Slow Sql server

  • Hi All,

    We have a QA server on which a bunch of databases are hosted.

    It hosts like 20-25 databases. All these databases are not active all the team.

    At set of databases indicates each environment like QA1 , QA2 , QA3 etc... In each set , there is 1 big db which is around 4.15TB and others are 500GB each.

    Multiple testing team uses multiple environments. Sometimes only 1-2 environments are performing testing.

    During the time, the workload queries gets executed fine. But whenever, multiple teams starts testing 4-5 environments

    at same time , the performance is very slow. a query which takes 2-3 mins to finish would take more than 30 mins.

    During these times, testing complains a lot of query performance issues. We dont find any blocking and mostly see PAGEIOLatches on all databases.

    The server has 16 CPUs and 256GB RAM. Max server memory set to 80% i.e 205GB.

    Questions

    =========

    Q) This is kind of non-technical question. More of dealing with a pressure situation when servers are running slow.

    I usually check number of connections to the users which shows the activity in each database and share it with users.

    Sometimes we try bumping the max server memory and gets relief but still we see slowness in the execution of app queries.

    I typically use, sp_whoisactive to see current acitivity. for blocking and waits...

    All db are isolated to its own separate disks, autogrowths are set to 500mb fixed growth, tempdb has it own separate disks, instant file initialization is on, presize data and log files etc...

    Really sometimes I am not finding answers on how can explain it to the end users/testers that multiple environments are running and that's reason for slowness.

    They just keep sending escalation mails that db performance is slow. How can we tell / convey them in layman terms.

    Most of the business users are non-technical folks.

    What information do we need to gather so that we can show them or tell them so they understand?

    for instance, If we show the I/O warnings from errorlog , then they will says its something wrong with sql server.

    some people just look at PLE and say, there is no memory.

    Even if we provide the list of long running queries, high CPU queries no action taken. They say, it was running fine on development server but on this server it takes long long time.

    Lots of email noise goes on.. can't say in words. This continues especially when multiple releases happen in same month.

    I feel somewhere I am not able explain. How to deal in such situations. How to set the clear expectations and at the same time I feel somewhere I am missing a systematic approach.

    Please share your thoughts. Looking for some candid and detailed explanation.

    Q) For such server, how much memory is needed is actually needed?

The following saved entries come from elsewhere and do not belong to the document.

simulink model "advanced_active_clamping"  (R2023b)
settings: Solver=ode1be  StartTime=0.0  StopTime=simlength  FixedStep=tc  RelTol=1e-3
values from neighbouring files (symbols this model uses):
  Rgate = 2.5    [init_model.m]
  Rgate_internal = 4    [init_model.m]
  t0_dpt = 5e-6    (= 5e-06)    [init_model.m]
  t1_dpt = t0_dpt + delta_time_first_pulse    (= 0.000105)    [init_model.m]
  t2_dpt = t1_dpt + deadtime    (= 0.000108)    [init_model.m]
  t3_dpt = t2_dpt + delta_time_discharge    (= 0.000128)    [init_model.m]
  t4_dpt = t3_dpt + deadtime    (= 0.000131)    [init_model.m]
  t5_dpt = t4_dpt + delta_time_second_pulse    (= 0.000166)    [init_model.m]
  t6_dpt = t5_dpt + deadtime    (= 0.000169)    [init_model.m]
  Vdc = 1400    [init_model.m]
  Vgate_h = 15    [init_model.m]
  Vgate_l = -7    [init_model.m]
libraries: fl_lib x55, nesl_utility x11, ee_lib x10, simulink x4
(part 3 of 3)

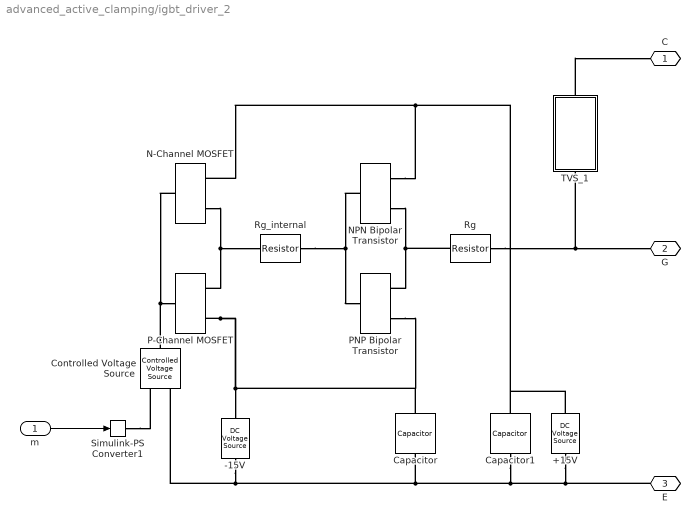
== system advanced_active_clamping/igbt_driver_2 ==
  m : Inport
  +15V : fl_lib/Electrical/Electrical Sources/DC Voltage Source  v0=15 V
  -15V : fl_lib/Electrical/Electrical Sources/DC Voltage Source  v0=-15 V
  Capacitor : fl_lib/Electrical/Electrical Elements/Capacitor  c=100e-9 F  r=1e-6 Ohm  g=0 1/Ohm  i_specify=off  i_priority=None  i=0 A  i_nominal_specify=off  i_nominal_unit=A  i_nominal_value=1  v_specify=off  v_priority=None  v=0 V  v_nominal_specify=off  v_nominal_unit=V  v_nominal_value=1  vc_specify=off  vc_priority=High  vc=0 V  vc_nominal_specify=off  vc_nominal_unit=V  vc_nominal_value=1
  Capacitor1 : fl_lib/Electrical/Electrical Elements/Capacitor  c=100e-9 F  r=1e-6 Ohm  g=0 1/Ohm  i_specify=off  i_priority=None  i=0 A  i_nominal_specify=off  i_nominal_unit=A  i_nominal_value=1  v_specify=off  v_priority=None  v=0 V  v_nominal_specify=off  v_nominal_unit=V  v_nominal_value=1  vc_specify=off  vc_priority=High  vc=0 V  vc_nominal_specify=off  vc_nominal_unit=V  vc_nominal_value=1
  Controlled Voltage Source : fl_lib/Electrical/Electrical Sources/Controlled Voltage Source
  N-Channel MOSFET : ee_lib/Semiconductors & Converters/N-Channel MOSFET  paramTerminal=ee.enum.mosfet.numberOfTerminals.three  parameterization=ee.enum.mosfet.parameterization.datasheet  Beta=5.0 A/V^2  Rds=0.025 Ohm  Id=100e-3 A  Vgs=10 V  Vth=1.7 V  Vth0=1.7 V  lam=0 1/V  gamma_vth=0.5 V^(1/2)  phib=0.5 V  Vth1=1.9071 V  Vbs1=-1 V  Vth2=2.066 V  Vbs2=-2 V  Tmeas=25 degC  Vgs_vec=[-1, -.5, 2, 3, 4, 5] V  Vds_vec=[0, 2, 4, 8, 12, 16, 20] V  Vbs_vec=[0, -4, -6, -12] V  T_vec=[25, 125] degC  Vth_vec=[.4, 1.2, 1.4, 1.45] V  Vth_mat=[.4, .35; 1.2, 1.15; 1.4, 1.35; 1.45, 1.4] V  Ids_mat=[0, 0, 0, 0, 0, 0, 0; 0, 0, 0, 0, 0, 0, 0; 0, .003, .0038, .0043, .0046, .0048, .0049; 0, .0055, .008, .009, .0095, .01, .0101; 0, .0115, .016, .018, .019, .0195, .02; 0, .0152, .0225, .0265, .028, .0295, .03] A  Ids_mat0=[0, 0, 0, 0, 0, 0, 0; 0, 0, 0, 0, 0, 0, 0; 0, .003, .0038, .0043, .0046, .0048, .0049; 0, .0055, .008, .009, .0095, .01, .0101; 0, .0115, .016, .018, .019, .0195, .02; 0, .0152, .0225, .0265, .028, .0295, .03] A  Ids_mat_3D=zeros(6, 7, 2) A  Ids_mat_3D0=zeros(6, 7, 2) A  IV_table_symmetry=ee.enum.mosfet.symmetricNIV.no  RS=0.0001 Ohm  RD=0.01 Ohm  RB=0.001 Ohm  C_param=ee.enum.mosfet.capacitanceParam.fixedciss  C_GS=270 pF  C_GD=80 pF  C_GB=0 pF  C_DS=0 pF  C_iss=350 pF  C_rss=80 pF  C_oss=0 pF  C_iss_vec=[720, 700, 590, 470, 390, 310] pF  C_rss_vec=[450, 400, 300, 190, 95, 55] pF  C_oss_vec=[900, 810, 690, 420, 270, 170] pF  C_GS_vec=[270, 300, 290, 280, 295, 255] pF  C_GD_vec=[450, 400, 300, 190, 95, 55] pF  C_GB_vec=[270, 300, 290, 280, 295, 255] pF  C_Vgs_vec=0 V  C_DS_vec=[450, 410, 390, 230, 175, 115] pF  C_Vds_vec=[.1, .3, 1, 3, 10, 30] V  V_GS_for_cap_data=0 V  charge_linearity_param=ee.enum.mosfet.cgdLinearity.constant  C_OX=200 pF  V_C_OX=-0.5 V  charge_linearity_param_vgb=ee.enum.mosfet.cgbLinearity.instantly  charge_linearity_param_with_vgb=ee.enum.mosfet.cgbLinearityWithSeparateCgb.instantly  Di_param=ee.enum.mosfet.diodeParam.no  IsDiode=1e-12 A  Vbi=0.6 V  n=1  Cj0Diode=0 pF  TT=50e-9 s  Tmeas_dio=25 degC  TableTypeNoT=ee.enum.mosfet.tableType.IfMat  TableType=ee.enum.diode.tableType.IfMat  IfVec=[.07, .12, .19, 1.75, 4.24, 7.32, 11.2] A  IfMat=[.07, .12, .19, 1.75, 4.24, 7.32, 11.2; .16, .3, .72, 2.14, 4.02, 6.35, 9.12] A  VfVecV=[.9, 1.15, 1.25, 1.5, 1.75, 2.17, 2.6, 2.85] V  VfMatV=[.9, 1.15, 1.25, 1.5, 1.75, 2.17, 2.6, 2.85; .58, .68, .75, 1.1, 1.38, 1.77, 2.27, 2.7] V  TjVec=[25, 125] degC  VfVec=[.5, .7, .9, 1.3, 1.7, 2.1, 2.5] V  IfVecV=[.1, .2, .5, 1, 2, 4, 7, 10] A  prmDatasheet=ee.enum.temperatureParameterization.none  prmEquCoeff=ee.enum.temperatureParameterization.none  dVth_dT=-6 mV/K  dVth0_dT=-6 mV/K  Rds_T2=0.037 Ohm  BEXDatasheet=-1.5  BEXEquCoeff=-1.5  etaisDatasheet=3  etaisEquCoeff=3  Tmeas2=125 degC  etaisTabulated=3  TdeviceDatasheet=25 degC  TdeviceEquCoeff=25 degC  TdeviceTabulated=25 degC  enable_faults=simscape.enum.onoff.off  fault_trigger=ee.enum.faults.faultTrigger.temporal  t_fault=inf s  max_permissible_Vgs=inf V  max_permissible_Vds=inf V  max_permissible_Vdb=inf V  max_permissible_Ids=inf A  t_fail_on_Ids=1 s  max_permissible_Idiode=inf A  t_fail_on_Idiode=1 s  max_permissible_dVdt=inf V/s  tau_fault=1e-3 s  fault_types=ee.enum.mosfet.faults.open  fault_types_4T=ee.enum.mosfet.faultsFourTerminals.open  RG_open=1e6 Ohm  RD_open=1000 Ohm  RS_open=1000 Ohm  RB_open=1000 Ohm  GDS_short=1000 1/Ohm  GDB_short=1000 1/Ohm  GSB_short=1000 1/Ohm  location_GOS=0  G_GOS=1000 1/Ohm  D_GOS=ee.enum.include.no  Is_GOS=0 A  Vbi_GOS=0.6 V  n_GOS=1  Cj0_GOS=0 pF  TT_GOS=50e-9 s  Beta_scale=100  dVth_faulted=0 V  lam_faulted=0 1/V  gamma_scale=100  dPhib_faulted=0 V  Vgs_vec_faulted=[-1, -.5, 2, 3, 4, 5] V  Vds_vec_faulted=[0, 2, 4, 8, 12, 16, 20] V  Vbs_vec_faulted=[0, -4, -6, -12] V  Vth_vec_faulted=[.4, 1.2, 1.4, 1.45] V  Vth_mat_faulted=[.4, .35; 1.2, 1.15; 1.4, 1.35; 1.45, 1.4] V  Ids_mat_faulted=[0, 0, 0, 0, 0, 0, 0; 0, 0, 0, 0, 0, 0, 0; 0, .003, .0038, .0043, .0046, .0048, .0049; 0, .0055, .008, .009, .0095, .01, .0101; 0, .0115, .016, .018, .019, .0195, .02; 0, .0152, .0225, .0265, .028, .0295, .03] A  Ids_mat0_faulted=[0, 0, 0, 0, 0, 0, 0; 0, 0, 0, 0, 0, 0, 0; 0, .003, .0038, .0043, .0046, .0048, .0049; 0, .0055, .008, .009, .0095, .01, .0101; 0, .0115, .016, .018, .019, .0195, .02; 0, .0152, .0225, .0265, .028, .0295, .03] A  Ids_mat_3D_faulted=zeros(6, 7, 2) A  Ids_mat_3D0_faulted=zeros(6, 7, 2) A  RS_faulted=0.0001 Ohm  RD_faulted=0.01 Ohm  RB_faulted=0.001 Ohm  IsDiode_faulted=0 A  Vbi_faulted=0.6 V  n_faulted=1  Cj0Diode_scale=100  TT_faulted=50e-9 s  IfVec_faulted=[.07, .12, .19, 1.75, 4.24, 7.32, 11.2] A  IfMat_faulted=[.07, .12, .19, 1.75, 4.24, 7.32, 11.2; .16, .3, .72, 2.14, 4.02, 6.35, 9.12] A  VfVecV_faulted=[.9, 1.15, 1.25, 1.5, 1.75, 2.17, 2.6, 2.85] V  VfMatV_faulted=[.9, 1.15, 1.25, 1.5, 1.75, 2.17, 2.6, 2.85; .58, .68, .75, 1.1, 1.38, 1.77, 2.27, 2.7] V  VfVec_faulted=[.5, .7, .9, 1.3, 1.7, 2.1, 2.5] V  IfVecV_faulted=[.1, .2, .5, 1, 2, 4, 7, 10] A  C_GS_scale=100  C_GD_scale=100  C_GB_scale=100  C_DS_scale=100  C_OX_scale=100  V_C_OX_faulted=-0.5 V  C_iss_vec_faulted=[720, 700, 590, 470, 390, 310] pF  C_rss_vec_faulted=[450, 400, 300, 190, 95, 55] pF  C_oss_vec_faulted=[900, 810, 690, 420, 270, 170] pF  C_GS_vec_faulted=[270, 300, 290, 280, 295, 255] pF  C_GD_vec_faulted=[450, 400, 300, 190, 95, 55] pF  C_GB_vec_faulted=[270, 300, 290, 280, 295, 255] pF  C_Vgs_vec_faulted=0 V  C_DS_vec_faulted=[450, 410, 390, 230, 175, 115] pF  C_Vds_vec_faulted=[.1, .3, 1, 3, 10, 30] V  V_GS_for_cap_data_faulted=0 V  i_g_specify=off  i_g_priority=None  i_g=0 A  i_g_nominal_specify=off  i_g_nominal_unit=A  i_g_nominal_value=1  i_d_specify=off  i_d_priority=None  i_d=0 A  i_d_nominal_specify=off  i_d_nominal_unit=A  i_d_nominal_value=1  i_b_specify=off  i_b_priority=None  i_b=0 A  i_b_nominal_specify=off  i_b_nominal_unit=A  i_b_nominal_value=1  voltage_gs_specify=off  voltage_gs_priority=None  voltage_gs=0 V  voltage_gs_nominal_specify=off  voltage_gs_nominal_unit=V  voltage_gs_nominal_value=1  voltage_ds_specify=off  voltage_ds_priority=None  voltage_ds=0 V  voltage_ds_nominal_specify=off  voltage_ds_nominal_unit=V  voltage_ds_nominal_value=1  voltage_bs_specify=off  voltage_bs_priority=None  voltage_bs=0 V  voltage_bs_nominal_specify=off  voltage_bs_nominal_unit=V  voltage_bs_nominal_value=1  v_Cgs_specify=off  v_Cgs_priority=High  v_Cgs=0 V  v_Cgs_nominal_specify=off  v_Cgs_nominal_unit=V  v_Cgs_nominal_value=1  v_Cds_specify=off  v_Cds_priority=High  v_Cds=0 V  v_Cds_nominal_specify=off  v_Cds_nominal_unit=V  v_Cds_nominal_value=1  v_Cbs_specify=off  v_Cbs_priority=High  v_Cbs=0 V  v_Cbs_nominal_specify=off  v_Cbs_nominal_unit=V  v_Cbs_nominal_value=1  faulted_specify=off  faulted_priority=None  faulted=0  faulted_nominal_specify=off  faulted_nominal_unit=1  faulted_nominal_value=1  thermal_network_parameterization=ee.enum.thermalNetworkTopology.junctionCase  Rth=[0, 10] K/W  Rth_Cauer=[1, 3, 10] K/W  Rth_Foster=[4, 6] K/W  thermal_mass_parameterization=ee.enum.thermalNetwork.timeconstant  thermal_mass=[0, 1] J/K  thermal_mass_Cauer=[.1, .3, 1] J/K  thermal_mass_Foster=[1.5, 3] J/K  thermal_time_constant=[0, 10] s  thermal_time_constant_Cauer=[1, 3, 10] s  thermal_time_constant_Foster=[6, 18] s  thermal_mass_initial_temperatures=[25, 25] degC  thermal_mass_initial_temperatures_Cauer=[25, 25, 25] degC  Tvec_initial_Foster=[25, 25, 25, 25] degC  max_permissible_temperature=inf K  t_fail_on_temperature=1 s  betaref=18 A/V^2  Vfbref=-1.1 V  gamma=3.5 V^(1/2)  phib2ref=1 V  thesatref=0.4 1/V  alpha=0  Vp=5e-2 V  thesrref=0 1/V  m=8  Tref=25 degC  Rsref=2e-3 Ohm  Rdref=0.17 Ohm  Rgref=8.4 Ohm  Rbref=2e-3 Ohm  Cox=1500 pF  Cgso=100 pF  Cgdo=14 pF  Isref=5.2e-13 A  Cj0=480 pF  Tprm=1  etabet=1.3  Stvfb=5e-4 V/K  Stphib=-8.5e-4 V/K  etasat=1.04  etasr=0.65  etar=0.95  etais=3  Tsim=25 degC  Ig_specify=off  Ig_priority=None  Ig=0 A  Ig_nominal_specify=off  Ig_nominal_unit=A  Ig_nominal_value=1  Ids_specify=off  Ids_priority=None  Ids=0 A  Ids_nominal_specify=off  Ids_nominal_unit=A  Ids_nominal_value=1  Ib_specify=off  Ib_priority=None  Ib=0 A  Ib_nominal_specify=off  Ib_nominal_unit=A  Ib_nominal_value=1  V_gs_specify=off  V_gs_priority=None  V_gs=0 V  V_gs_nominal_specify=off  V_gs_nominal_unit=V  V_gs_nominal_value=1  V_ds_specify=off  V_ds_priority=None  V_ds=0 V  V_ds_nominal_specify=off  V_ds_nominal_unit=V  V_ds_nominal_value=1  V_bs_specify=off  V_bs_priority=None  V_bs=0 V  V_bs_nominal_specify=off  V_bs_nominal_unit=V  V_bs_nominal_value=1  QGoverCox_specify=off  QGoverCox_priority=None  QGoverCox=0 V  QGoverCox_nominal_specify=off  QGoverCox_nominal_unit=V  QGoverCox_nominal_value=1  QDoverCox_specify=off  QDoverCox_priority=None  QDoverCox=0 V  QDoverCox_nominal_specify=off  QDoverCox_nominal_unit=V  QDoverCox_nominal_value=1  QBoverCox_specify=off  QBoverCox_priority=None  QBoverCox=0 V  QBoverCox_nominal_specify=off  QBoverCox_nominal_unit=V  QBoverCox_nominal_value=1  T0=[25, 25] degC  T0_Cauer=[25, 25, 25] degC
  NPN Bipolar Transistor : ee_lib/Semiconductors & Converters/NPN Bipolar Transistor  parameterization=1  BF=100  IS=1e-14 A  VAF=200 V  hfe=100  hoe=50e-6 1/Ohm  Ic_h=1 mA  Vce_h=5 V  V1=0.55 V  I1=0.5 mA  BR=1  Tmeas=25 degC  RC=0.01 Ohm  RE=1e-4 Ohm  RB=1 Ohm  C_BC=5 pF  C_BE=5 pF  TF=0 us  TR=0 us  prmDatasheet=1  prmEquCoeff=1  hfe_T2=125  XTB=0  V1_T2=0.45 V  I1_T2=0.5 mA  Tmeas2=125 degC  EG=1.11 eV  XTI=3  TdeviceDatasheet=25 degC  TdeviceEquCoeff=25 degC  ec=1  ib_specify=off  ib_priority=None  ib=0 A  ib_nominal_specify=off  ib_nominal_unit=A  ib_nominal_value=1  ic_specify=off  ic_priority=None  ic=0 A  ic_nominal_specify=off  ic_nominal_unit=A  ic_nominal_value=1  vce_specify=off  vce_priority=None  vce=0 V  vce_nominal_specify=off  vce_nominal_unit=V  vce_nominal_value=1  vbe_specify=off  vbe_priority=None  vbe=0 V  vbe_nominal_specify=off  vbe_nominal_unit=V  vbe_nominal_value=1  v_capacitor_bc_specify=off  v_capacitor_bc_priority=High  v_capacitor_bc=0 V  v_capacitor_bc_nominal_specify=off  v_capacitor_bc_nominal_unit=V  v_capacitor_bc_nominal_value=1  v_capacitor_be_specify=off  v_capacitor_be_priority=High  v_capacitor_be=0 V  v_capacitor_be_nominal_specify=off  v_capacitor_be_nominal_unit=V  v_capacitor_be_nominal_value=1  thermal_network_parameterization=ee.enum.thermalNetworkTopology.junctionCase  Rth=[0, 10] K/W  Rth_Cauer=[1, 3, 10] K/W  Rth_Foster=[4, 6] K/W  thermal_mass_parameterization=ee.enum.thermalNetwork.timeconstant  thermal_mass=[0, 1] J/K  thermal_mass_Cauer=[.1, .3, 1] J/K  thermal_mass_Foster=[1.5, 3] J/K  thermal_time_constant=[0, 10] s  thermal_time_constant_Cauer=[1, 3, 10] s  thermal_time_constant_Foster=[6, 18] s  thermal_mass_initial_temperatures=[25, 25] degC  thermal_mass_initial_temperatures_Cauer=[25, 25, 25] degC  Tvec_initial_Foster=[25, 25, 25, 25] degC
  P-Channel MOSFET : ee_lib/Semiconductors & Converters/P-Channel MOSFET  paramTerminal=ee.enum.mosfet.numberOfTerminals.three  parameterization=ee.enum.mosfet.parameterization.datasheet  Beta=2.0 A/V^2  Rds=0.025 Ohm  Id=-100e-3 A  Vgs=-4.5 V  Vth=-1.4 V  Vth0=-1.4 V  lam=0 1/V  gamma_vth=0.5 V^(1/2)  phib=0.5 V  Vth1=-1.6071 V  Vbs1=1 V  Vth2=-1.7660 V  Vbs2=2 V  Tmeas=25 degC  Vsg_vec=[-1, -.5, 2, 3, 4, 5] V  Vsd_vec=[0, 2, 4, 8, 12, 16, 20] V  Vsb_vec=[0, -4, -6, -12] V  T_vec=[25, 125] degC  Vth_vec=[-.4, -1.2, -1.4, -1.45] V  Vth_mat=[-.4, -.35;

    Lets take an example )

    If I have a 4TB database(db1) and another 1TB whole set of databases(db2,db3,db4) which makes 1 env.

    How does the calculation go for how much memory we need for the SQL VM?

    What factors to be considered in determining that this server must need this much minimum memory and this much disk throughput.

    Thanks,

    Sam

     

  • its always the same issue - dev does not have same volume as QA/Prod and what runs well in dev most times will not run well with volumes.

    Just a small example from my current project - one small proc (doing processing of incoming data and aggregating onto another) - code looks well, performed well in dev (volumes of less than 5 million rows being processed)

    in UAT - volume is now production size - its processing 3 Billion rows (3.000.000.000) - takes 37 hours to process. only option was for me to rewrite both code and table structure - and have this now down to 1 hour processing time. (16 vcpu vm/256 GB ram)

    so for those bad queries you identified - pick up some of them and rewrite them and/or add required indexes - and then get back to the developers with results of rewrite - and make it clear that it was how they were doing it that caused the issue - not the server/environment.

    just telling them to fix will not help in most cases (as you are seeing) - but giving them some simple straight examples of a fix will eventually push them on the right direction.

    regarding things to look at db level

    • Table Compression (Page or Row - I use Page all over normally)
    • Indexes
    • Statistics
    • IO speed (if this is a cloud server depending on disk tier performance can be quite bad - Azure P30/40 always gives me warnings about IO taking more than 15 seconds - P50 and higher required for acceptable/good performance)
    • MaxDop
    • CTFP (default is very bad)
    • Resource Governor (if you are on enterprise edition)
  • It all sounds like pretty traditional query tuning stuff.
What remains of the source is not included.